4/2/10: River’s breathing tube was removed yesterday afternoon. She is back on CPAP to assist her with her breathing, her symptoms related to her breathing are just still due to her preemie-ness and not her heart. Currently her heart is sounding good. She will begin feeding today again, breastmilk delivered through a feeding tube. She is expected to be released from PICU tomorrow and go back downstairs to the NICU. Her heart surgery recovery(incision site, etc) has gone well.
This was all very true, but so lacking in the truth of the matter. If you read between the lines you might read that I saw my baby stop breathing and turn gray and watch the PICU team jump into action. You might read that I was losing my mind with anxiety and fear. You might truly understand what it could be like to be the parent of a baby with CHD.
Below are some pictures I’ve never shown. They break my heart, but now it’s in the past I can share them.
Below is a CHD fact sheet. Research is terribly underfunded! Please raise awareness!
CHD FACT SHEET
Incidence, Morbidity & Mortality
- Congenital heart defects are America’s and every country’s #1 birth defect. Nearly one of every 100 babies is born with a CHD.
- Congenital heart defects are the #1 cause of birth defect related deaths.
- Congenital heart defects are the leading cause of all infant deaths in theUnited States.
- Each year approximately 40,000 babies are born in the United Stateswith a congenital heart defect. thousands of them will not reach their first birthday and thousands more die before they reach adulthood.
- Each year over 1,000,000 babies are born worldwide with a congenital heart defect. 100,000 of them will not live to see their first birthday and thousands more die before they reach adulthood.
- The Children’s Heart Foundation is the only organization that was created to exclusively fund congenital heart defect research.

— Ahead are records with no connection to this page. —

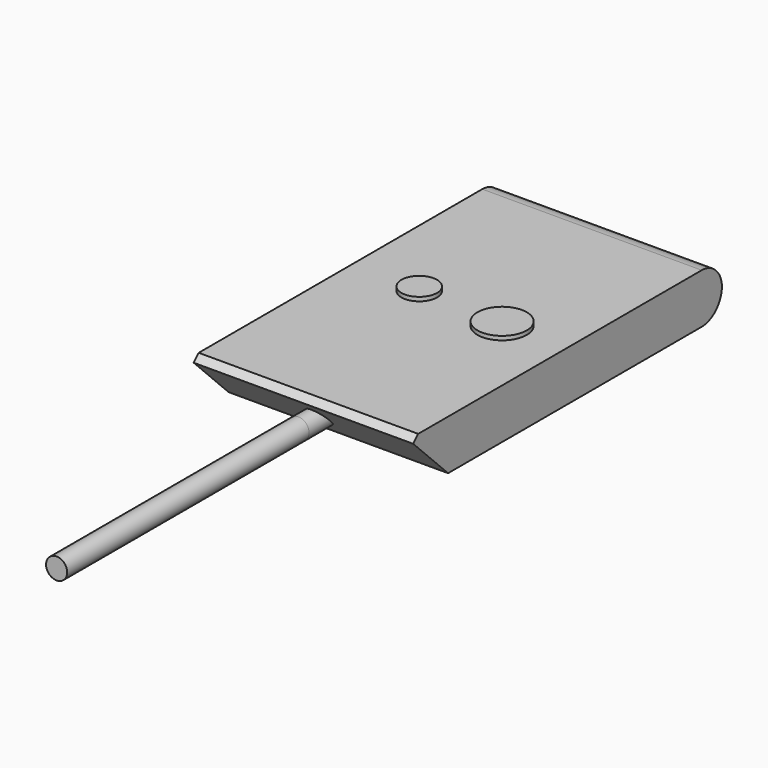
from build123d import *

# Parameters (mm, degrees)
F0_W         = 22.3715566099
F0_H         = 39.9701632559
F1_DEPTH     = 5.08
F2_R         = 5.7912
F3_DEPTH     = 0.762
F4_R         = 1.0769741324
F5_DEPTH     = 50.8
F6_R         = 1.8127400762
F6_R_2       = 2.5138312633
F7_DEPTH     = 0.4064
F8_SIZE      = 1.27
F9_T4_DEPTH  = 48.4998557676
F9_S5_R      = 1.0769741324
F9_T6_DEPTH  = 26
F10_SIZE     = 1.524
F11_T1_DEPTH = 27.632068852


# Not quite as in the source:
# - a fillet or chamfer that OpenCascade refuses, or shapes differently, is made with other operations: its cross-section is extruded or revolved along the edge and cut away or added


with BuildPart() as f1:
    # F0 (on Top) → F1 (new body)
    with BuildSketch(Plane.XY):
        Rectangle(F0_W, F0_H)
    extrude(amount=F1_DEPTH)

    # F2 (on Top) → F3 (cut)
    with BuildSketch(Plane.XY):
        Circle(F2_R)
    extrude(amount=F3_DEPTH, mode=Mode.SUBTRACT)

    # F4 (on Front) → F5 (join)
    with BuildSketch(Plane.XZ):
        with Locations((0, 2.4075380061)):
            Circle(F4_R)
    extrude(amount=F5_DEPTH)

    # F6 (on face) → F7 (join)
    with BuildSketch(Plane.XY.offset(5.08)):
        with Locations((-4.1463463567, 0.584599562)):
            Circle(F6_R)
        with Locations((4.7694612294, 0)):
            Circle(F6_R_2)
    extrude(amount=F7_DEPTH)

    # F8
    f8_edges = [f1.edges().sort_by_distance(p)[0] for p in [
        (0, -19.985082, 5.08),
    ]]
    chamfer(f8_edges, length=F8_SIZE)

    # F9: chamfer of 5.08 on 1 edges, made by hand


with BuildPart() as f9_tool2:
    # F9_s3 → F9_t4 (new body)
    with BuildSketch(Plane.YZ.offset(-24.2499278838)):
        Polygon((-19.985081628, 5.08), (-14.905081628, 0), (-19.985081628, 0), align=None)
    extrude(amount=F9_T4_DEPTH)

    # F9_s5 → F9_t6 (cut, symmetric)
    with BuildSketch(Plane.XZ.offset(17.4)):
        with Locations((0, 2.4075380061)):
            Circle(F9_S5_R)
    extrude(amount=F9_T6_DEPTH, both=True, mode=Mode.SUBTRACT)


with BuildPart() as f1_1:
    add(f1.part)

    # F9_t1: cut F9_tool2
    add(f9_tool2.part, mode=Mode.SUBTRACT)

    # F10
    f10_edges = [f1_1.edges().sort_by_distance(p)[0] for p in [
        (0, 19.985082, 5.08),
        (0, 19.985082, 0),
    ]]
    chamfer(f10_edges, length=F10_SIZE)

    # F11: fillet of radius 2.54 on 4 edges, made by hand

    # F11_s2 → F11_t1 (cut)
    with BuildSketch(Plane.YZ.offset(-13.816034426)):
        with BuildLine():
            ThreePointArc((17.4089791795, 5.08), (18.3809950977, 4.8866540126), (19.2050304038, 4.3360512242))
            Line((19.2050304038, 4.3360512242), (18.461081628, 5.08))
            Line((18.461081628, 5.08), (17.4089791795, 5.08))
        make_face()
        with BuildLine():
            ThreePointArc((19.2411328522, 4.2999487758), (19.7917356405, 3.4759134698), (19.985081628, 2.5038975516))
            Line((19.985081628, 2.5038975516), (19.985081628, 3.556))
            Line((19.985081628, 3.556), (19.2411328522, 4.2999487758))
        make_face()
        with BuildLine():
            ThreePointArc((19.2411328522, 0.7800512242), (19.7917356405, 1.6040865302), (19.985081628, 2.5761024484))
            Line((19.985081628, 2.5761024484), (19.985081628, 1.524))
            Line((19.985081628, 1.524), (19.2411328522, 0.7800512242))
        make_face()
        with BuildLine():
            ThreePointArc((17.4089791795, 0), (18.3809950977, 0.1933459874), (19.2050304038, 0.7439487758))
            Line((19.2050304038, 0.7439487758), (18.461081628, 0))
            Line((18.461081628, 0), (17.4089791795, 0))
        make_face()
    extrude(amount=F11_T1_DEPTH, mode=Mode.SUBTRACT)


solid = f1_1.part
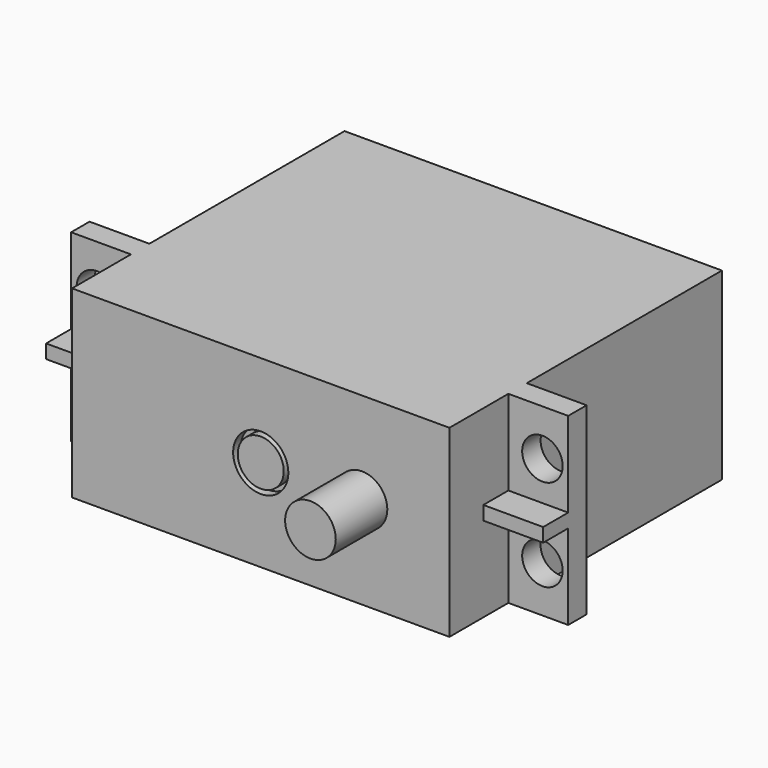
from build123d import *

# Parameters (mm, degrees)
F0_W      = 41
F0_H      = 20
F1_DEPTH  = 26.5
F2_W      = 6.5
F2_H      = 20
F2_R      = 2.2
F2_W_2    = 41
F3_DEPTH  = 2.5
F4_W      = 41
F4_H      = 20
F5_DEPTH  = 8
F6_W      = 6.5
F6_H      = 1.5
F7_DEPTH  = 3.4
F8_R      = 2.75
F9_DEPTH  = 7
F10_R     = 3
F10_R_2   = 2.5
F11_DEPTH = 1


# Not quite as in the source:
# - a pattern or mirror of a feature is missing from the dataset's text; its kind, count and spacing are read off the source's solid


with BuildPart() as f1:
    # F0 (on Front) → F1 (new body)
    with BuildSketch(Plane.XZ):
        Rectangle(F0_W, F0_H)
    extrude(amount=F1_DEPTH)

    # F2 (on face) → F3 (join)
    with BuildSketch(Plane.XZ.offset(26.5)):
        with Locations((-23.75, 0)):
            Rectangle(F2_W, F2_H)
        with Locations((-24.2, -5)):
            Circle(F2_R, mode=Mode.SUBTRACT)
        with Locations((-24.2, 5)):
            Circle(F2_R, mode=Mode.SUBTRACT)
        with Locations((23.75, 0)):
            Rectangle(F2_W, F2_H)
        with Locations((24.2, -5)):
            Circle(F2_R, mode=Mode.SUBTRACT)
        with Locations((24.2, 5)):
            Circle(F2_R, mode=Mode.SUBTRACT)
        Rectangle(F2_W_2, F2_H)
    extrude(amount=F3_DEPTH)

    # F4 (on face) → F5 (join)
    with BuildSketch(Plane.XZ.offset(29)):
        Rectangle(F4_W, F4_H)
    extrude(amount=F5_DEPTH)

    # F6 (on face) → F7 (join)
    with BuildSketch(Plane.XZ.offset(29)):
        with Locations((-23.75, 0)):
            Rectangle(F6_W, F6_H)
    f7 = extrude(amount=F7_DEPTH)

    # F7_copies: F7 across plane
    add(f7.mirror(Plane(origin=(0, 0, 0), x_dir=(0, 0, 1), z_dir=(1, 0, 0))))

    # F8 (on face) → F9 (join)
    with BuildSketch(Plane.XZ.offset(37)):
        with Locations((11, 0)):
            Circle(F8_R)
    extrude(amount=F9_DEPTH)

    # F10 (on face) → F11 (cut)
    with BuildSketch(Plane.XZ.offset(37)):
        Circle(F10_R)
        Circle(F10_R_2, mode=Mode.SUBTRACT)
    extrude(amount=-F11_DEPTH, mode=Mode.SUBTRACT)


solid = f1.part
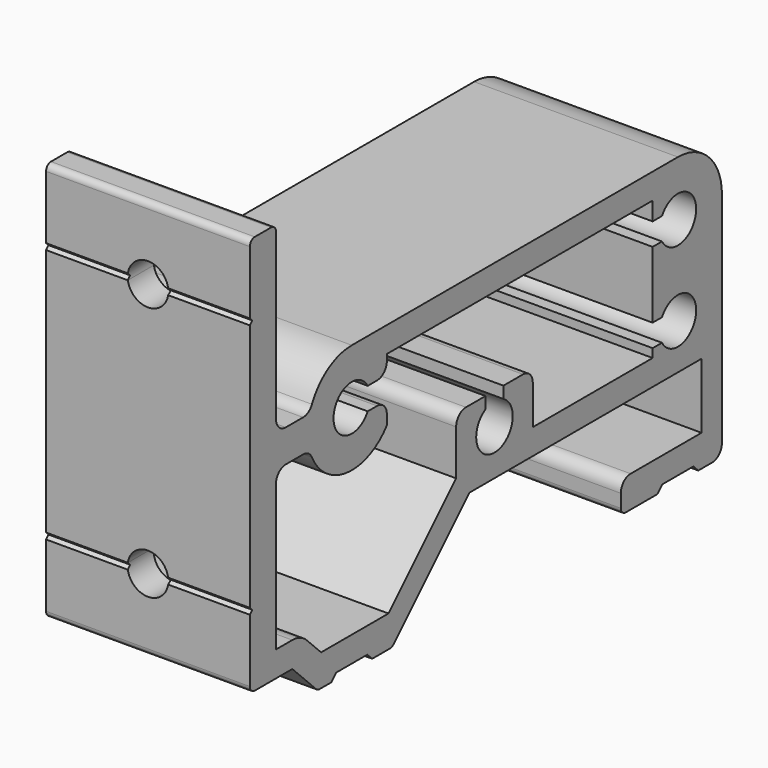
from build123d import *

# Parameters (mm, degrees)
F1_DEPTH = 25.4
F3_DEPTH = 25.4


# Not quite as in the source:
# - ends of sketch curves that miss each other by under 0.0002 mm in the source are joined


with BuildPart() as f1:
    # F0 (on Right) → F1 (new body)
    with BuildSketch(Plane.YZ):
        with BuildLine():
            Line((-36.7665, 26.0985), (-36.7665, 18.2245))
            Line((-36.7665, 18.2245), (-36.3855, 17.8435))
            Line((-36.3855, 17.8435), (-36.7665, 17.4625))
            Line((-36.7665, 17.4625), (-36.7665, -13.5255))
            Line((-36.7665, -13.5255), (-36.3855, -13.9065))
            Line((-36.3855, -13.9065), (-36.7665, -14.2875))
            Line((-36.7665, -14.2875), (-36.7665, -22.1615))
            ThreePointArc((-36.7665, -22.1615), (-36.5433153673, -22.7003153673), (-36.0045, -22.9235))
            Line((-36.0045, -22.9235), (-30.1625, -22.9235))
            Line((-30.1625, -22.9235), (-26.4486898, -26.6373356))
            ThreePointArc((-26.4486898, -26.6373356), (-26.2014589755, -26.8024962038), (-25.9098542, -26.8605))
            Line((-25.9098542, -26.8605), (-24.0665, -26.8605))
            Line((-24.0665, -26.8605), (-23.3045, -26.0985))
            Line((-23.3045, -26.0985), (-18.4785, -26.0985))
            Line((-18.4785, -26.0985), (-17.7165, -26.8605))
            Line((-17.7165, -26.8605), (-14.9389846, -26.8605))
            ThreePointArc((-14.9389846, -26.8605), (-14.6473881211, -26.8024996403), (-14.4001819327, -26.6373280669))
            Line((-14.4001819327, -26.6373280669), (-2.5583642, -14.7955))
            Line((-2.5583642, -14.7955), (33.5915, -14.7955))
            Line((33.5915, -14.7955), (33.5915, -22.9235))
            Line((33.5915, -22.9235), (22.5425, -22.9235))
            ThreePointArc((22.5425, -22.9235), (21.4648692655, -23.3698692655), (21.0185, -24.4475))
            Line((21.0185, -24.4475), (21.0185, -26.0985))
            ThreePointArc((21.0185, -26.0985), (21.2416846327, -26.6373153673), (21.7805, -26.8605))
            Line((21.7805, -26.8605), (26.7335, -26.8605))
            Line((26.7335, -26.8605), (27.4955, -26.0985))
            Line((27.4955, -26.0985), (32.3215, -26.0985))
            Line((32.3215, -26.0985), (33.0835, -26.8605))
            Line((33.0835, -26.8605), (35.2425, -26.8605))
            ThreePointArc((35.2425, -26.8605), (36.3201307345, -26.4141307345), (36.7665, -25.3365))
            Line((36.7665, -25.3365), (36.7665, 1.9685))
            ThreePointArc((36.7665, 1.9685), (34.7578383054, 6.8178383054), (29.9085, 8.8265))
            Line((29.9085, 8.8265), (-20.8915, 8.8265))
            ThreePointArc((-20.8915, 8.8265), (-24.5711182212, 7.7557768852), (-27.1017564824, 4.8779464117))
            ThreePointArc((-27.1017564824, 4.8779464117), (-27.6641193484, 4.2384353631), (-28.4818074, 4.0005))
            Line((-28.4818074, 4.0005), (-31.1785, 4.0005))
            ThreePointArc((-31.1785, 4.0005), (-32.2561307345, 4.4468692655), (-32.7025, 5.5245))
            Line((-32.7025, 5.5245), (-32.7025, 26.0985))
            ThreePointArc((-32.7025, 26.0985), (-32.9256846327, 26.6373153673), (-33.4645, 26.8605))
            Line((-33.4645, 26.8605), (-36.0045, 26.8605))
            ThreePointArc((-36.0045, 26.8605), (-36.5433153673, 26.6373153673), (-36.7665, 26.0985))
        make_face()
        with BuildLine():
            Line((-18.4133236, 3.3655), (-16.9545, 3.3655))
            ThreePointArc((-16.9545, 3.3655), (-15.8768692655, 3.8118692655), (-15.4305, 4.8895))
            Line((-15.4305, 4.8895), (-15.4305, 5.6515))
            Line((-15.4305, 5.6515), (25.9715, 5.6515))
            Line((25.9715, 5.6515), (25.9715, 3.3655))
            Line((25.9715, 3.3655), (27.430349, 3.3655))
            ThreePointArc((27.430349, 3.3655), (32.7533, 1.9685), (27.4303420089, 0.5714960589))
            Line((27.4303420089, 0.5714960589), (25.9715, 0.5715))
            Line((25.9715, 0.5715), (25.9715, -7.747))
            Line((25.9715, -7.747), (27.430349, -7.747))
            ThreePointArc((27.430349, -7.747), (32.7533, -9.144), (27.4303420089, -10.5410039411))
            Line((27.4303420089, -10.5410039411), (25.9715, -10.541))
            Line((25.9715, -10.541), (25.9715, -11.6205))
            Line((25.9715, -11.6205), (7.3025, -11.6205))
            Line((7.3025, -11.6205), (7.3025, -6.731))
            ThreePointArc((7.3025, -6.731), (6.8561307345, -5.6533692655), (5.7785, -5.207))
            Line((5.7785, -5.207), (2.7305, -5.207))
            Line((2.7305, -5.207), (2.7305, -6.665849))
            ThreePointArc((2.7305, -6.665849), (1.3335, -11.9888), (-0.0635039411, -6.6658420089))
            Line((-0.0635039411, -6.6658420089), (-0.0635, -5.207))
            Line((-0.0635, -5.207), (-3.1115, -5.207))
            ThreePointArc((-3.1115, -5.207), (-4.1891307345, -5.6533692655), (-4.6355, -6.731))
            Line((-4.6355, -6.731), (-4.6355, -12.3825))
            Line((-4.6355, -12.3825), (-15.1765, -22.9235))
            Line((-15.1765, -22.9235), (-25.6723642, -22.9235))
            Line((-25.6723642, -22.9235), (-27.9174194, -20.6784448))
            ThreePointArc((-27.9174194, -20.6784448), (-28.9474718056, -19.9901859209), (-30.1625, -19.7485))
            Line((-30.1625, -19.7485), (-32.7025, -19.7485))
            Line((-32.7025, -19.7485), (-32.7025, -1.5875))
            ThreePointArc((-32.7025, -1.5875), (-32.2561307345, -0.5098692655), (-31.1785, -0.0635))
            Line((-31.1785, -0.0635), (-28.4818074, -0.0635))
            ThreePointArc((-28.4818074, -0.0635), (-27.6641096434, -0.3014415336), (-27.1017455591, -0.9409666943))
            ThreePointArc((-27.1017455591, -0.9409666943), (-21.615457962, -4.8511809947), (-15.4305020835, -2.1799534173))
            Line((-15.4305020835, -2.1799534173), (-15.4305, -0.9525))
            ThreePointArc((-15.4305, -0.9525), (-15.8768692655, 0.1251307345), (-16.9545, 0.5715))
            Line((-16.9545, 0.5715), (-18.4133236, 0.5715))
            ThreePointArc((-18.4133236, 0.5715), (-23.7363, 1.9685), (-18.4133236, 3.3655))
        make_face(mode=Mode.SUBTRACT)
    extrude(amount=F1_DEPTH)

    # F2 (on face) → F3 (cut)
    with BuildSketch(Plane.XZ.offset(36.7665)):
        with BuildLine():
            ThreePointArc((10.1889011104, 17.4625), (12.8915839509, 15.311811972), (15.24, 17.8445763886))
            ThreePointArc((15.24, 17.8445763886), (12.5084160491, 20.3773408052), (10.1889011104, 17.4625))
        make_face()
        with BuildLine():
            ThreePointArc((10.1887375685, -13.5255), (12.5089588736, -16.4393054185), (15.24, -13.9065))
            ThreePointArc((15.24, -13.9065), (12.8910411264, -11.3736945815), (10.1887375685, -13.5255))
        make_face()
    extrude(amount=-F3_DEPTH, mode=Mode.SUBTRACT)


solid = f1.part

- The Children’s Heart Foundation has directed $3 million to 34 basic science, translational and clinical CHD research projects at leading research centers across the US and Canada.
- CHF has published and distributed 15,000 copies of It’s My Heart, a patient and parent resource book.
- CHF has established five Chapters and has volunteers in many USstates.
- Almost half all children and adults with complex congenital heart disease have neurological and developmental disabilities.
- There are an estimated 2,000,000 CHD survivors in the United States.
- For the first time, more than 50% of the CHD survivors are adults.
- 10% of all CHD cases evaluated in an Adult CHD clinic are first diagnosed in adulthood.
- 91,000 life years are lost each year in this country due to congenital heart defects.
- The cost for inpatient surgery to repair congenital heart defects exceeds $2.2 billion a year.
General CHD FACTS
- More than 50% of all children born with congenital heart defect will require at least one invasive surgery in their lifetime.
- There are more than 40 different types of congenital heart defects. Little is known about the cause of most of them. There is no known prevention or cure for any of them.
- In the United States, twice as many children die from congenital heart defects each year than from all forms of childhood cancer combined, yet funding for pediatric cancer research is five times higher than funding for CHD.
Research Allocations & Impact
- Congenital heart defects are common and deadly, yet CHD research is grossly under-funded relative to the prevalence of the disease.
- Only one penny of every dollar donated to the American Heart Association goes towards congenital heart defect research.
- Of every dollar the government spends on medical funding only a fraction of a penny is directed toward congenital heart defect research.
- The NHLBI has stated that Congenital Heart Defects are a serious and underappreciated global health problem.
In the last decade death rates for congenital heart defects have declined by almost 30% due to advances made through research.